Data records
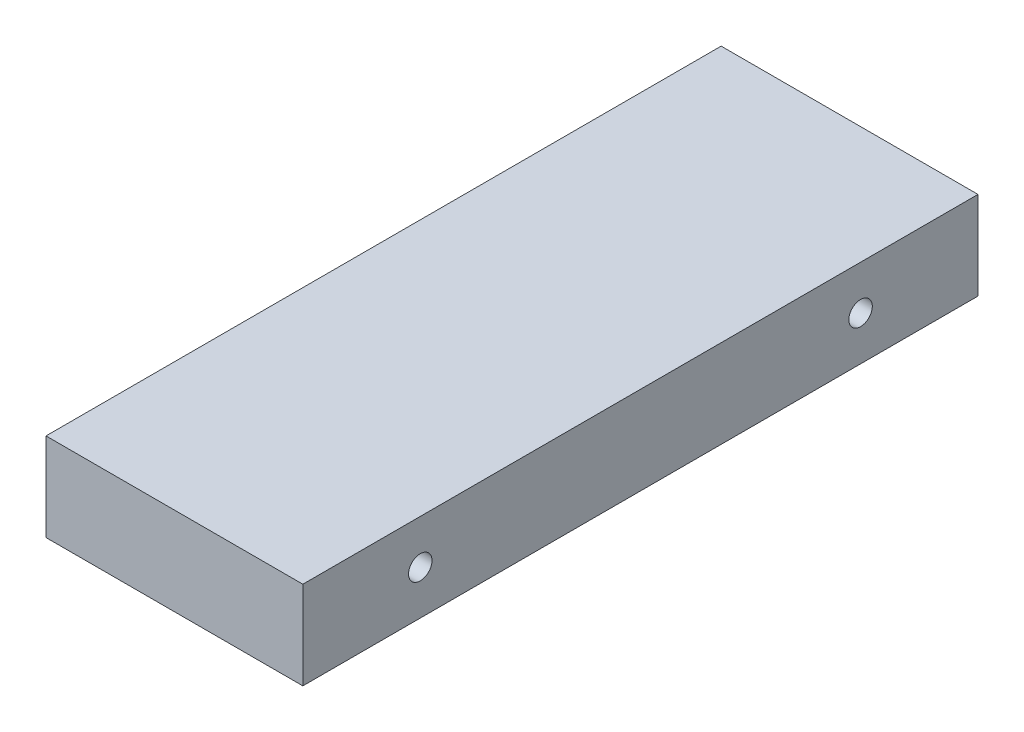
ISO-10303-21;
HEADER;
FILE_DESCRIPTION(('STEP AP214'),'2;1');
FILE_NAME('part.step','',(''),(''),'','','');
FILE_SCHEMA(('AUTOMOTIVE_DESIGN { 1 0 10303 214 1 1 1 1 }'));
ENDSEC;
DATA;
#1=APPLICATION_CONTEXT('core data for automotive mechanical design processes');
#2=APPLICATION_PROTOCOL_DEFINITION('international standard','automotive_design',2000,#1);
#3=PRODUCT_CONTEXT('',#1,'mechanical');
#4=PRODUCT('Part','Part','',(#3));
#5=PRODUCT_RELATED_PRODUCT_CATEGORY('part','',(#4));
#6=PRODUCT_DEFINITION_FORMATION('','',#4);
#7=PRODUCT_DEFINITION_CONTEXT('part definition',#1,'design');
#8=PRODUCT_DEFINITION('design','',#6,#7);
#9=PRODUCT_DEFINITION_SHAPE('','',#8);
#10=(LENGTH_UNIT() NAMED_UNIT(*) SI_UNIT(.MILLI.,.METRE.));
#11=(NAMED_UNIT(*) PLANE_ANGLE_UNIT() SI_UNIT($,.RADIAN.));
#12=(NAMED_UNIT(*) SI_UNIT($,.STERADIAN.) SOLID_ANGLE_UNIT());
#13=UNCERTAINTY_MEASURE_WITH_UNIT(LENGTH_MEASURE(1.E-05),#10,'distance_accuracy_value','');
#14=(GEOMETRIC_REPRESENTATION_CONTEXT(3) GLOBAL_UNCERTAINTY_ASSIGNED_CONTEXT((#13)) GLOBAL_UNIT_ASSIGNED_CONTEXT((#10,
#11,#12)) REPRESENTATION_CONTEXT('',''));
#15=CARTESIAN_POINT('',(0.,0.,0.));
#16=DIRECTION('',(0.,0.,1.));
#17=DIRECTION('',(1.,0.,0.));
#18=AXIS2_PLACEMENT_3D('',#15,#16,#17);
#19=CARTESIAN_POINT('',(35.,6.,46.));
#20=DIRECTION('',(0.,1.,0.));
#21=DIRECTION('',(0.,0.,1.));
#22=AXIS2_PLACEMENT_3D('',#19,#20,#21);
#23=PLANE('',#22);
#24=DIRECTION('',(0.,0.,-1.));
#25=VECTOR('',#24,1.);
#26=CARTESIAN_POINT('',(0.,6.,46.));
#27=LINE('',#26,#25);
#28=CARTESIAN_POINT('',(0.,6.,46.));
#29=VERTEX_POINT('',#28);
#30=CARTESIAN_POINT('',(0.,6.,-46.));
#31=VERTEX_POINT('',#30);
#32=EDGE_CURVE('E101',#29,#31,#27,.T.);
#33=ORIENTED_EDGE('',*,*,#32,.F.);
#34=DIRECTION('',(-1.,0.,0.));
#35=VECTOR('',#34,1.);
#36=CARTESIAN_POINT('',(35.,6.,46.));
#37=LINE('',#36,#35);
#38=CARTESIAN_POINT('',(35.,6.,46.));
#39=VERTEX_POINT('',#38);
#40=EDGE_CURVE('E11',#39,#29,#37,.T.);
#41=ORIENTED_EDGE('',*,*,#40,.F.);
#42=DIRECTION('',(0.,0.,-1.));
#43=VECTOR('',#42,1.);
#44=CARTESIAN_POINT('',(35.,6.,46.));
#45=LINE('',#44,#43);
#46=CARTESIAN_POINT('',(35.,6.,-46.));
#47=VERTEX_POINT('',#46);
#48=EDGE_CURVE('E95',#39,#47,#45,.T.);
#49=ORIENTED_EDGE('',*,*,#48,.T.);
#50=DIRECTION('',(-1.,0.,0.));
#51=VECTOR('',#50,1.);
#52=CARTESIAN_POINT('',(35.,6.,-46.));
#53=LINE('',#52,#51);
#54=EDGE_CURVE('E74',#47,#31,#53,.T.);
#55=ORIENTED_EDGE('',*,*,#54,.T.);
#56=EDGE_LOOP('',(#33,#41,#49,#55));
#57=FACE_BOUND('',#56,.T.);
#58=ADVANCED_FACE('F33',(#57),#23,.T.);
#59=CARTESIAN_POINT('',(35.,6.,46.));
#60=DIRECTION('',(0.,0.,-1.));
#61=DIRECTION('',(-1.,0.,0.));
#62=AXIS2_PLACEMENT_3D('',#59,#60,#61);
#63=PLANE('',#62);
#64=DIRECTION('',(0.,-1.,0.));
#65=VECTOR('',#64,1.);
#66=CARTESIAN_POINT('',(0.,6.,46.));
#67=LINE('',#66,#65);
#68=CARTESIAN_POINT('',(0.,-6.,46.));
#69=VERTEX_POINT('',#68);
#70=EDGE_CURVE('E66',#29,#69,#67,.T.);
#71=ORIENTED_EDGE('',*,*,#70,.T.);
#72=DIRECTION('',(-1.,0.,0.));
#73=VECTOR('',#72,1.);
#74=CARTESIAN_POINT('',(35.,-6.,46.));
#75=LINE('',#74,#73);
#76=CARTESIAN_POINT('',(35.,-6.,46.));
#77=VERTEX_POINT('',#76);
#78=EDGE_CURVE('E42',#77,#69,#75,.T.);
#79=ORIENTED_EDGE('',*,*,#78,.F.);
#80=DIRECTION('',(0.,-1.,0.));
#81=VECTOR('',#80,1.);
#82=CARTESIAN_POINT('',(35.,6.,46.));
#83=LINE('',#82,#81);
#84=EDGE_CURVE('E84',#39,#77,#83,.T.);
#85=ORIENTED_EDGE('',*,*,#84,.F.);
#86=ORIENTED_EDGE('',*,*,#40,.T.);
#87=EDGE_LOOP('',(#71,#79,#85,#86));
#88=FACE_BOUND('',#87,.T.);
#89=ADVANCED_FACE('F159',(#88),#63,.F.);
#90=CARTESIAN_POINT('',(35.,-6.,46.));
#91=DIRECTION('',(0.,1.,0.));
#92=DIRECTION('',(0.,0.,1.));
#93=AXIS2_PLACEMENT_3D('',#90,#91,#92);
#94=PLANE('',#93);
#95=DIRECTION('',(0.,0.,-1.));
#96=VECTOR('',#95,1.);
#97=CARTESIAN_POINT('',(0.,-6.,46.));
#98=LINE('',#97,#96);
#99=CARTESIAN_POINT('',(0.,-6.,-46.));
#100=VERTEX_POINT('',#99);
#101=EDGE_CURVE('E91',#69,#100,#98,.T.);
#102=ORIENTED_EDGE('',*,*,#101,.T.);
#103=DIRECTION('',(-1.,0.,0.));
#104=VECTOR('',#103,1.);
#105=CARTESIAN_POINT('',(35.,-6.,-46.));
#106=LINE('',#105,#104);
#107=CARTESIAN_POINT('',(35.,-6.,-46.));
#108=VERTEX_POINT('',#107);
#109=EDGE_CURVE('E88',#108,#100,#106,.T.);
#110=ORIENTED_EDGE('',*,*,#109,.F.);
#111=DIRECTION('',(0.,0.,-1.));
#112=VECTOR('',#111,1.);
#113=CARTESIAN_POINT('',(35.,-6.,46.));
#114=LINE('',#113,#112);
#115=EDGE_CURVE('E79',#77,#108,#114,.T.);
#116=ORIENTED_EDGE('',*,*,#115,.F.);
#117=ORIENTED_EDGE('',*,*,#78,.T.);
#118=EDGE_LOOP('',(#102,#110,#116,#117));
#119=FACE_BOUND('',#118,.T.);
#120=ADVANCED_FACE('F89',(#119),#94,.F.);
#121=CARTESIAN_POINT('',(35.,6.,-46.));
#122=DIRECTION('',(0.,0.,-1.));
#123=DIRECTION('',(-1.,0.,0.));
#124=AXIS2_PLACEMENT_3D('',#121,#122,#123);
#125=PLANE('',#124);
#126=DIRECTION('',(0.,-1.,0.));
#127=VECTOR('',#126,1.);
#128=CARTESIAN_POINT('',(0.,6.,-46.));
#129=LINE('',#128,#127);
#130=EDGE_CURVE('E104',#31,#100,#129,.T.);
#131=ORIENTED_EDGE('',*,*,#130,.F.);
#132=ORIENTED_EDGE('',*,*,#54,.F.);
#133=DIRECTION('',(0.,-1.,0.));
#134=VECTOR('',#133,1.);
#135=CARTESIAN_POINT('',(35.,6.,-46.));
#136=LINE('',#135,#134);
#137=EDGE_CURVE('E83',#47,#108,#136,.T.);
#138=ORIENTED_EDGE('',*,*,#137,.T.);
#139=ORIENTED_EDGE('',*,*,#109,.T.);
#140=EDGE_LOOP('',(#131,#132,#138,#139));
#141=FACE_BOUND('',#140,.T.);
#142=ADVANCED_FACE('F94',(#141),#125,.T.);
#143=CARTESIAN_POINT('',(35.,0.,0.));
#144=DIRECTION('',(-1.,0.,0.));
#145=DIRECTION('',(0.,0.,1.));
#146=AXIS2_PLACEMENT_3D('',#143,#144,#145);
#147=PLANE('',#146);
#148=CARTESIAN_POINT('',(35.,0.,-30.));
#149=DIRECTION('',(1.,0.,0.));
#150=DIRECTION('',(0.,0.,-1.));
#151=AXIS2_PLACEMENT_3D('',#148,#149,#150);
#152=CIRCLE('',#151,1.60000000000001);
#153=CARTESIAN_POINT('',(35.,0.,-31.6));
#154=VERTEX_POINT('',#153);
#155=EDGE_CURVE('E112',#154,#154,#152,.T.);
#156=ORIENTED_EDGE('',*,*,#155,.F.);
#157=EDGE_LOOP('',(#156));
#158=FACE_BOUND('',#157,.T.);
#159=CARTESIAN_POINT('',(35.,0.,30.));
#160=DIRECTION('',(1.,0.,0.));
#161=DIRECTION('',(0.,0.,-1.));
#162=AXIS2_PLACEMENT_3D('',#159,#160,#161);
#163=CIRCLE('',#162,1.6);
#164=CARTESIAN_POINT('',(35.,0.,28.4));
#165=VERTEX_POINT('',#164);
#166=EDGE_CURVE('E118',#165,#165,#163,.T.);
#167=ORIENTED_EDGE('',*,*,#166,.F.);
#168=EDGE_LOOP('',(#167));
#169=FACE_BOUND('',#168,.T.);
#170=ORIENTED_EDGE('',*,*,#48,.F.);
#171=ORIENTED_EDGE('',*,*,#84,.T.);
#172=ORIENTED_EDGE('',*,*,#115,.T.);
#173=ORIENTED_EDGE('',*,*,#137,.F.);
#174=EDGE_LOOP('',(#170,#171,#172,#173));
#175=FACE_BOUND('',#174,.T.);
#176=ADVANCED_FACE('F82',(#158,#169,#175),#147,.F.);
#177=CARTESIAN_POINT('',(0.,0.,0.));
#178=DIRECTION('',(-1.,0.,0.));
#179=DIRECTION('',(0.,0.,1.));
#180=AXIS2_PLACEMENT_3D('',#177,#178,#179);
#181=PLANE('',#180);
#182=CARTESIAN_POINT('',(0.,0.,-42.));
#183=DIRECTION('',(1.,0.,0.));
#184=DIRECTION('',(0.,0.,-1.));
#185=AXIS2_PLACEMENT_3D('',#182,#183,#184);
#186=CIRCLE('',#185,1.621);
#187=CARTESIAN_POINT('',(0.,0.,-43.621));
#188=VERTEX_POINT('',#187);
#189=EDGE_CURVE('E272',#188,#188,#186,.T.);
#190=ORIENTED_EDGE('',*,*,#189,.T.);
#191=EDGE_LOOP('',(#190));
#192=FACE_BOUND('',#191,.T.);
#193=CARTESIAN_POINT('',(0.,0.,42.));
#194=DIRECTION('',(1.,0.,0.));
#195=DIRECTION('',(0.,0.,-1.));
#196=AXIS2_PLACEMENT_3D('',#193,#194,#195);
#197=CIRCLE('',#196,1.621);
#198=CARTESIAN_POINT('',(0.,0.,40.379));
#199=VERTEX_POINT('',#198);
#200=EDGE_CURVE('E274',#199,#199,#197,.T.);
#201=ORIENTED_EDGE('',*,*,#200,.T.);
#202=EDGE_LOOP('',(#201));
#203=FACE_BOUND('',#202,.T.);
#204=CARTESIAN_POINT('',(0.,0.,30.));
#205=DIRECTION('',(1.,0.,0.));
#206=DIRECTION('',(0.,0.,-1.));
#207=AXIS2_PLACEMENT_3D('',#204,#205,#206);
#208=CIRCLE('',#207,4.);
#209=CARTESIAN_POINT('',(0.,0.,26.));
#210=VERTEX_POINT('',#209);
#211=EDGE_CURVE('E131',#210,#210,#208,.T.);
#212=ORIENTED_EDGE('',*,*,#211,.T.);
#213=EDGE_LOOP('',(#212));
#214=FACE_BOUND('',#213,.T.);
#215=CARTESIAN_POINT('',(0.,0.,-30.));
#216=DIRECTION('',(1.,0.,0.));
#217=DIRECTION('',(0.,0.,-1.));
#218=AXIS2_PLACEMENT_3D('',#215,#216,#217);
#219=CIRCLE('',#218,4.);
#220=CARTESIAN_POINT('',(0.,0.,-34.));
#221=VERTEX_POINT('',#220);
#222=EDGE_CURVE('E134',#221,#221,#219,.T.);
#223=ORIENTED_EDGE('',*,*,#222,.T.);
#224=EDGE_LOOP('',(#223));
#225=FACE_BOUND('',#224,.T.);
#226=ORIENTED_EDGE('',*,*,#32,.T.);
#227=ORIENTED_EDGE('',*,*,#130,.T.);
#228=ORIENTED_EDGE('',*,*,#101,.F.);
#229=ORIENTED_EDGE('',*,*,#70,.F.);
#230=EDGE_LOOP('',(#226,#227,#228,#229));
#231=FACE_BOUND('',#230,.T.);
#232=ADVANCED_FACE('F154',(#192,#203,#214,#225,#231),#181,.T.);
#233=CARTESIAN_POINT('',(27.,0.,-30.));
#234=DIRECTION('',(-1.,0.,0.));
#235=DIRECTION('',(0.,0.,1.));
#236=AXIS2_PLACEMENT_3D('',#233,#234,#235);
#237=CYLINDRICAL_SURFACE('',#236,4.);
#238=CARTESIAN_POINT('',(27.,0.,-30.));
#239=DIRECTION('',(1.,0.,0.));
#240=DIRECTION('',(0.,0.,-1.));
#241=AXIS2_PLACEMENT_3D('',#238,#239,#240);
#242=CIRCLE('',#241,4.);
#243=CARTESIAN_POINT('',(27.,0.,-34.));
#244=VERTEX_POINT('',#243);
#245=EDGE_CURVE('E116',#244,#244,#242,.T.);
#246=ORIENTED_EDGE('',*,*,#245,.T.);
#247=EDGE_LOOP('',(#246));
#248=FACE_BOUND('',#247,.T.);
#249=ORIENTED_EDGE('',*,*,#222,.F.);
#250=EDGE_LOOP('',(#249));
#251=FACE_BOUND('',#250,.T.);
#252=ADVANCED_FACE('F139',(#248,#251),#237,.F.);
#253=CARTESIAN_POINT('',(27.,0.,-30.));
#254=DIRECTION('',(1.,0.,0.));
#255=DIRECTION('',(0.,0.,-1.));
#256=AXIS2_PLACEMENT_3D('',#253,#254,#255);
#257=PLANE('',#256);
#258=CARTESIAN_POINT('',(27.,0.,-30.));
#259=DIRECTION('',(1.,0.,0.));
#260=DIRECTION('',(0.,0.,-1.));
#261=AXIS2_PLACEMENT_3D('',#258,#259,#260);
#262=CIRCLE('',#261,1.60000000000001);
#263=CARTESIAN_POINT('',(27.,0.,-31.6));
#264=VERTEX_POINT('',#263);
#265=EDGE_CURVE('E36',#264,#264,#262,.F.);
#266=ORIENTED_EDGE('',*,*,#265,.F.);
#267=EDGE_LOOP('',(#266));
#268=FACE_BOUND('',#267,.T.);
#269=ORIENTED_EDGE('',*,*,#245,.F.);
#270=EDGE_LOOP('',(#269));
#271=FACE_BOUND('',#270,.T.);
#272=ADVANCED_FACE('F142',(#268,#271),#257,.F.);
#273=CARTESIAN_POINT('',(27.,0.,30.));
#274=DIRECTION('',(-1.,0.,0.));
#275=DIRECTION('',(0.,0.,1.));
#276=AXIS2_PLACEMENT_3D('',#273,#274,#275);
#277=CYLINDRICAL_SURFACE('',#276,4.);
#278=CARTESIAN_POINT('',(27.,0.,30.));
#279=DIRECTION('',(1.,0.,0.));
#280=DIRECTION('',(0.,0.,-1.));
#281=AXIS2_PLACEMENT_3D('',#278,#279,#280);
#282=CIRCLE('',#281,4.);
#283=CARTESIAN_POINT('',(27.,0.,26.));
#284=VERTEX_POINT('',#283);
#285=EDGE_CURVE('E105',#284,#284,#282,.T.);
#286=ORIENTED_EDGE('',*,*,#285,.T.);
#287=EDGE_LOOP('',(#286));
#288=FACE_BOUND('',#287,.T.);
#289=ORIENTED_EDGE('',*,*,#211,.F.);
#290=EDGE_LOOP('',(#289));
#291=FACE_BOUND('',#290,.T.);
#292=ADVANCED_FACE('F144',(#288,#291),#277,.F.);
#293=CARTESIAN_POINT('',(27.,0.,30.));
#294=DIRECTION('',(1.,0.,0.));
#295=DIRECTION('',(0.,0.,-1.));
#296=AXIS2_PLACEMENT_3D('',#293,#294,#295);
#297=PLANE('',#296);
#298=CARTESIAN_POINT('',(27.,0.,30.));
#299=DIRECTION('',(1.,0.,0.));
#300=DIRECTION('',(0.,0.,-1.));
#301=AXIS2_PLACEMENT_3D('',#298,#299,#300);
#302=CIRCLE('',#301,1.6);
#303=CARTESIAN_POINT('',(27.,0.,28.4));
#304=VERTEX_POINT('',#303);
#305=EDGE_CURVE('E110',#304,#304,#302,.F.);
#306=ORIENTED_EDGE('',*,*,#305,.F.);
#307=EDGE_LOOP('',(#306));
#308=FACE_BOUND('',#307,.T.);
#309=ORIENTED_EDGE('',*,*,#285,.F.);
#310=EDGE_LOOP('',(#309));
#311=FACE_BOUND('',#310,.T.);
#312=ADVANCED_FACE('F151',(#308,#311),#297,.F.);
#313=CARTESIAN_POINT('',(35.,0.,30.));
#314=DIRECTION('',(-1.,0.,0.));
#315=DIRECTION('',(0.,0.,1.));
#316=AXIS2_PLACEMENT_3D('',#313,#314,#315);
#317=CYLINDRICAL_SURFACE('',#316,1.6);
#318=ORIENTED_EDGE('',*,*,#166,.T.);
#319=EDGE_LOOP('',(#318));
#320=FACE_BOUND('',#319,.T.);
#321=ORIENTED_EDGE('',*,*,#305,.T.);
#322=EDGE_LOOP('',(#321));
#323=FACE_BOUND('',#322,.T.);
#324=ADVANCED_FACE('F204',(#320,#323),#317,.F.);
#325=CARTESIAN_POINT('',(35.,0.,-30.));
#326=DIRECTION('',(-1.,0.,0.));
#327=DIRECTION('',(0.,0.,1.));
#328=AXIS2_PLACEMENT_3D('',#325,#326,#327);
#329=CYLINDRICAL_SURFACE('',#328,1.60000000000001);
#330=ORIENTED_EDGE('',*,*,#155,.T.);
#331=EDGE_LOOP('',(#330));
#332=FACE_BOUND('',#331,.T.);
#333=ORIENTED_EDGE('',*,*,#265,.T.);
#334=EDGE_LOOP('',(#333));
#335=FACE_BOUND('',#334,.T.);
#336=ADVANCED_FACE('F214',(#332,#335),#329,.F.);
#337=CARTESIAN_POINT('',(12.,0.,42.));
#338=DIRECTION('',(-1.,0.,0.));
#339=DIRECTION('',(0.,0.,1.));
#340=AXIS2_PLACEMENT_3D('',#337,#338,#339);
#341=CYLINDRICAL_SURFACE('',#340,1.621);
#342=CARTESIAN_POINT('',(12.,0.,42.));
#343=DIRECTION('',(1.,0.,0.));
#344=DIRECTION('',(0.,0.,-1.));
#345=AXIS2_PLACEMENT_3D('',#342,#343,#344);
#346=CIRCLE('',#345,1.621);
#347=CARTESIAN_POINT('',(12.,0.,40.379));
#348=VERTEX_POINT('',#347);
#349=EDGE_CURVE('E126',#348,#348,#346,.T.);
#350=ORIENTED_EDGE('',*,*,#349,.T.);
#351=EDGE_LOOP('',(#350));
#352=FACE_BOUND('',#351,.T.);
#353=ORIENTED_EDGE('',*,*,#200,.F.);
#354=EDGE_LOOP('',(#353));
#355=FACE_BOUND('',#354,.T.);
#356=ADVANCED_FACE('F223',(#352,#355),#341,.F.);
#357=CARTESIAN_POINT('',(12.,0.,42.));
#358=DIRECTION('',(1.,0.,0.));
#359=DIRECTION('',(0.,0.,-1.));
#360=AXIS2_PLACEMENT_3D('',#357,#358,#359);
#361=PLANE('',#360);
#362=ORIENTED_EDGE('',*,*,#349,.F.);
#363=EDGE_LOOP('',(#362));
#364=FACE_BOUND('',#363,.T.);
#365=ADVANCED_FACE('F236',(#364),#361,.F.);
#366=CARTESIAN_POINT('',(12.,0.,-42.));
#367=DIRECTION('',(-1.,0.,0.));
#368=DIRECTION('',(0.,0.,1.));
#369=AXIS2_PLACEMENT_3D('',#366,#367,#368);
#370=CYLINDRICAL_SURFACE('',#369,1.621);
#371=CARTESIAN_POINT('',(12.,0.,-42.));
#372=DIRECTION('',(1.,0.,0.));
#373=DIRECTION('',(0.,0.,-1.));
#374=AXIS2_PLACEMENT_3D('',#371,#372,#373);
#375=CIRCLE('',#374,1.621);
#376=CARTESIAN_POINT('',(12.,0.,-43.621));
#377=VERTEX_POINT('',#376);
#378=EDGE_CURVE('E123',#377,#377,#375,.T.);
#379=ORIENTED_EDGE('',*,*,#378,.T.);
#380=EDGE_LOOP('',(#379));
#381=FACE_BOUND('',#380,.T.);
#382=ORIENTED_EDGE('',*,*,#189,.F.);
#383=EDGE_LOOP('',(#382));
#384=FACE_BOUND('',#383,.T.);
#385=ADVANCED_FACE('F246',(#381,#384),#370,.F.);
#386=CARTESIAN_POINT('',(12.,0.,-42.));
#387=DIRECTION('',(1.,0.,0.));
#388=DIRECTION('',(0.,0.,-1.));
#389=AXIS2_PLACEMENT_3D('',#386,#387,#388);
#390=PLANE('',#389);
#391=ORIENTED_EDGE('',*,*,#378,.F.);
#392=EDGE_LOOP('',(#391));
#393=FACE_BOUND('',#392,.T.);
#394=ADVANCED_FACE('F256',(#393),#390,.F.);
#395=CLOSED_SHELL('',(#58,#89,#120,#142,#176,#232,#252,#272,#292,#312,#324,#336,#356,#365,#385,#394));
#396=MANIFOLD_SOLID_BREP('B2',#395);
#397=ADVANCED_BREP_SHAPE_REPRESENTATION('',(#18,#396),#14);
#398=SHAPE_DEFINITION_REPRESENTATION(#9,#397);
ENDSEC;
END-ISO-10303-21;

Exercise aim
Look above for the line holding "#230=EDGE_LOOP('',(#226,#227,#228,#229));" and the line holding "#291=FACE_BOUND('',#290,.T.);", then output exactly those two lines and every line between them, nothing more.

Solution
#230=EDGE_LOOP('',(#226,#227,#228,#229));
#231=FACE_BOUND('',#230,.T.);
#232=ADVANCED_FACE('F154',(#192,#203,#214,#225,#231),#181,.T.);
#233=CARTESIAN_POINT('',(27.,0.,-30.));
#234=DIRECTION('',(-1.,0.,0.));
#235=DIRECTION('',(0.,0.,1.));
#236=AXIS2_PLACEMENT_3D('',#233,#234,#235);
#237=CYLINDRICAL_SURFACE('',#236,4.);
#238=CARTESIAN_POINT('',(27.,0.,-30.));
#239=DIRECTION('',(1.,0.,0.));
#240=DIRECTION('',(0.,0.,-1.));
#241=AXIS2_PLACEMENT_3D('',#238,#239,#240);
#242=CIRCLE('',#241,4.);
#243=CARTESIAN_POINT('',(27.,0.,-34.));
#244=VERTEX_POINT('',#243);
#245=EDGE_CURVE('E116',#244,#244,#242,.T.);
#246=ORIENTED_EDGE('',*,*,#245,.T.);
#247=EDGE_LOOP('',(#246));
#248=FACE_BOUND('',#247,.T.);
#249=ORIENTED_EDGE('',*,*,#222,.F.);
#250=EDGE_LOOP('',(#249));
#251=FACE_BOUND('',#250,.T.);
#252=ADVANCED_FACE('F139',(#248,#251),#237,.F.);
#253=CARTESIAN_POINT('',(27.,0.,-30.));
#254=DIRECTION('',(1.,0.,0.));
#255=DIRECTION('',(0.,0.,-1.));
#256=AXIS2_PLACEMENT_3D('',#253,#254,#255);
#257=PLANE('',#256);
#258=CARTESIAN_POINT('',(27.,0.,-30.));
#259=DIRECTION('',(1.,0.,0.));
#260=DIRECTION('',(0.,0.,-1.));
#261=AXIS2_PLACEMENT_3D('',#258,#259,#260);
#262=CIRCLE('',#261,1.60000000000001);
#263=CARTESIAN_POINT('',(27.,0.,-31.6));
#264=VERTEX_POINT('',#263);
#265=EDGE_CURVE('E36',#264,#264,#262,.F.);
#266=ORIENTED_EDGE('',*,*,#265,.F.);
#267=EDGE_LOOP('',(#266));
#268=FACE_BOUND('',#267,.T.);
#269=ORIENTED_EDGE('',*,*,#245,.F.);
#270=EDGE_LOOP('',(#269));
#271=FACE_BOUND('',#270,.T.);
#272=ADVANCED_FACE('F142',(#268,#271),#257,.F.);
#273=CARTESIAN_POINT('',(27.,0.,30.));
#274=DIRECTION('',(-1.,0.,0.));
#275=DIRECTION('',(0.,0.,1.));
#276=AXIS2_PLACEMENT_3D('',#273,#274,#275);
#277=CYLINDRICAL_SURFACE('',#276,4.);
#278=CARTESIAN_POINT('',(27.,0.,30.));
#279=DIRECTION('',(1.,0.,0.));
#280=DIRECTION('',(0.,0.,-1.));
#281=AXIS2_PLACEMENT_3D('',#278,#279,#280);
#282=CIRCLE('',#281,4.);
#283=CARTESIAN_POINT('',(27.,0.,26.));
#284=VERTEX_POINT('',#283);
#285=EDGE_CURVE('E105',#284,#284,#282,.T.);
#286=ORIENTED_EDGE('',*,*,#285,.T.);
#287=EDGE_LOOP('',(#286));
#288=FACE_BOUND('',#287,.T.);
#289=ORIENTED_EDGE('',*,*,#211,.F.);
#290=EDGE_LOOP('',(#289));
#291=FACE_BOUND('',#290,.T.);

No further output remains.